Nicht aus jedem der heimischen Jungunternehmen werden neue IT-Riesen entstehen, aber mit Garantie wird aus dem einen oder anderen Start-up ein Unternehmen, das die Welt von morgen mitgestaltet und Probleme lösen wird. Und von diesen gibt es genug: ob im Bereich Energie, Umwelt, Wasser, Gesundheit, Ernährung, Medien oder Bildung. Daher suchen wir als ORF in erster Linie Start-ups, mit denen wir im Rahmen unseres öffentlich-rechtlichen Auftrags unternehmerische Ideen aus den Bereichen Bildung, Kunst & Kultur, soziale Verantwortung und Information realisieren. Diese Ideen müssen für die Allgemeinheit und den Standort spannend und inspirierend sein.

Innovation ist wichtig für jedes Unternehmen. Sie ist das, was der Sauerstoff für einen Menschen ist. Es gibt ausreichend Beispiele dafür, dass Konzerne, fest verankert im globalen Wirtschaftssystem, erfolgreich bei den Nutzerinnen und Nutzern, innerhalb kürzester Zeit vom »Weltmarktführer« zum globalen Verlierer mutierten. Zum Beispiel im Fotografie- oder Mobilfunkbereich, wo an echte Innovation lange nicht geglaubt wurde, bis es zu spät war.

Viele der großen Konzerne wurden Opfer ihrer fehlenden Innovationsbereitschaft bzw. scheitern daran, Innovation im eigenen Haus zu fördern. Vor allem in den traditionell gewachsenen Unternehmensstrukturen können nicht alle Innovationen selbst entwickelt werden – weil zum Entwickeln und Realisieren ein »Versuch und Irrtum«-Prinzip gehört und Konzerne das oft nicht zulassen.

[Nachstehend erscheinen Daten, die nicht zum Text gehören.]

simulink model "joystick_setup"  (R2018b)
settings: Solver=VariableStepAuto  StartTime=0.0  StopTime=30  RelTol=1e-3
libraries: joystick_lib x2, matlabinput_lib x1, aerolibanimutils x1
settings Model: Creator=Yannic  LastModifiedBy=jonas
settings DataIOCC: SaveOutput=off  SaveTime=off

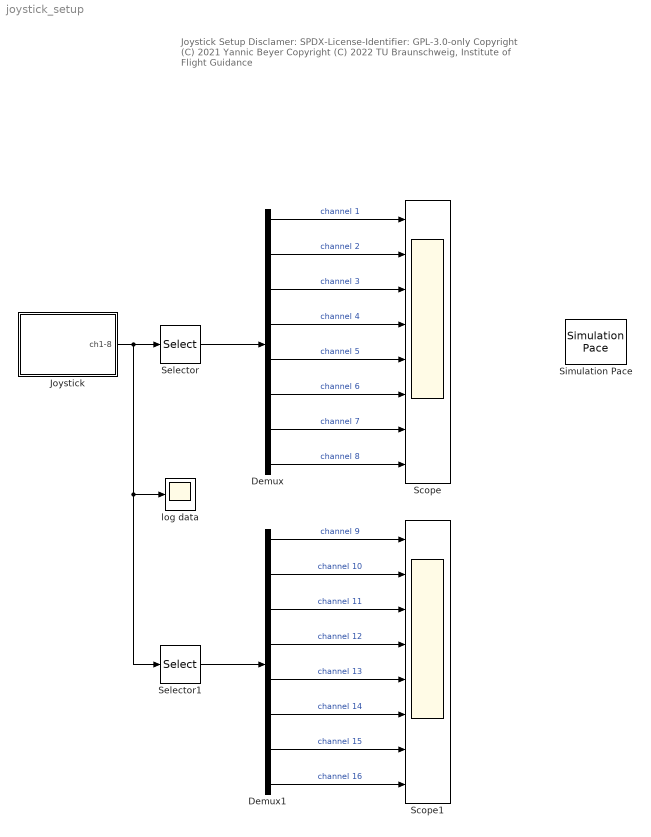
== system joystick_setup ==
  note: Joystick Setup
      |
      | Disclamer:
      | SPDX-License-Identifier: GPL-3.0-only
      |
      | Copyright (C) 2021 Yannic Beyer
      | Copyright (C) 2022 TU Braunschweig, Institute of Flight Guidance
  Demux : Demux  Outputs=8
  Demux1 : Demux  Outputs=8
  Joystick : Subsystem
  Scope : Scope  NumInputPorts=8
  Scope1 : Scope  NumInputPorts=8
  Selector : Selector  InputPortWidth=16  IndexOptions=Index vector (dialog)  Indices=1:8  OutputSizes=1
  Selector1 : Selector  InputPortWidth=16  IndexOptions=Index vector (dialog)  Indices=9:16  OutputSizes=1
  Simulation Pace : aerolibanimutils/Simulation Pace  SimulationPace=1  SleepMode=Auto  OutputPaceError=off  SampleTime=1/30
  log data : Scope
  wires:
  Demux/1 -> Scope/1  "channel 1"
  Demux/2 -> Scope/2  "channel 2"
  Demux/3 -> Scope/3  "channel 3"
  Demux/4 -> Scope/4  "channel 4"
  Demux/5 -> Scope/5  "channel 5"
  Demux/6 -> Scope/6  "channel 6"
  Demux/7 -> Scope/7  "channel 7"
  Demux/8 -> Scope/8  "channel 8"
  Selector/1 -> Demux/1
  Joystick/1(ch1-8) -> log data/1, Selector1/1, Selector/1
  Selector1/1 -> Demux1/1
  Demux1/8 -> Scope1/8  "channel 16"
  Demux1/7 -> Scope1/7  "channel 15"
  Demux1/2 -> Scope1/2  "channel 10"
  Demux1/6 -> Scope1/6  "channel 14"
  Demux1/4 -> Scope1/4  "channel 12"
  Demux1/5 -> Scope1/5  "channel 13"
  Demux1/3 -> Scope1/3  "channel 11"
  Demux1/1 -> Scope1/1  "channel 9"

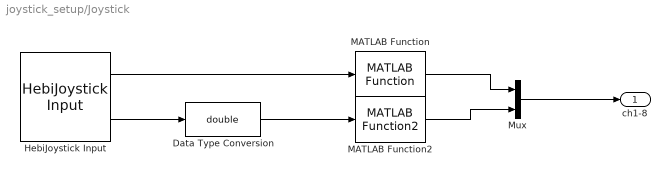
== system joystick_setup/Joystick ==
  Data Type Conversion : DataTypeConversion  OutDataTypeStr=double
  HebiJoystick Input : matlabinput_lib/HebiJoystick Input  joyid=1  forcefeed=off
      settings: SourceProductName=MatlabInput
  MATLAB Function : joystick_lib/Calibrated Joystick/MATLAB Function  SystemSampleTime=-1
      settings: SourceProductName=LADAC
  MATLAB Function2 : joystick_lib/Calibrated Joystick/MATLAB Function2  SystemSampleTime=-1
      settings: SourceProductName=LADAC
  Mux : Mux  Inputs=2
  ch1-8 : Outport
  wires:
  HebiJoystick Input/2 -> Data Type Conversion/1
  MATLAB Function/1 -> Mux/1
  HebiJoystick Input/1 -> MATLAB Function/1
  Data Type Conversion/1 -> MATLAB Function2/1
  Mux/1 -> ch1-8/1
  MATLAB Function2/1 -> Mux/2

Spannende Ideen kommen, vor allem im Bereich der Digitalisierung, von außen, werden von jungen Unternehmen, Start-ups, geliefert, die sich »Versuch und Irrtum« erlauben dürfen. Sie müssen sich nicht rechtfertigen, wenn ein Service misslingt oder ein Produkt erst nach dem zwölften Prototyp funktioniert und marktreif ist. Sie probieren neue Zugänge im Denken, im Realisieren wie auch im Arbeiten – so sind viele Start-ups heute in sogenannten »Co-Working-Places« aktiv, in Gemeinschaftsbüros, in denen sie sich nicht nur die Infrastruktur, sondern das gesamte gesellschaftliche und kreative Umfeld teilen.

Um Niederlagen zu vermeiden, versuchen es gestandene Unternehmen erst gar nicht, sich selbst zu erneuern. Gute Beispiele lassen sich von Start-ups inspirieren, die von außen kommen und den Innovationsgeist ins Innere des Unternehmens transportieren. Daher ist es wichtig, dass Start-ups einen direkten Anschluss an das Unternehmen haben, dass sie nicht rein autark arbeiten, sondern in die entsprechenden Abteilungen eingebettet werden, damit sich ihre Kultur verbreiten kann. Große Unternehmen und Start-ups können sich gegenseitig befruchten – und beide können davon profitieren. Und Erfolgsgeschichten sind die, die wir in der Zukunft brauchen, um junge Unternehmer/innen in Österreich zu halten und noch mehr Innovationskraft zu entwickeln.

Der Autor
Gerald Reischl ist Geschäftsführer der ORF Mediaservice und des »futurelab.261«.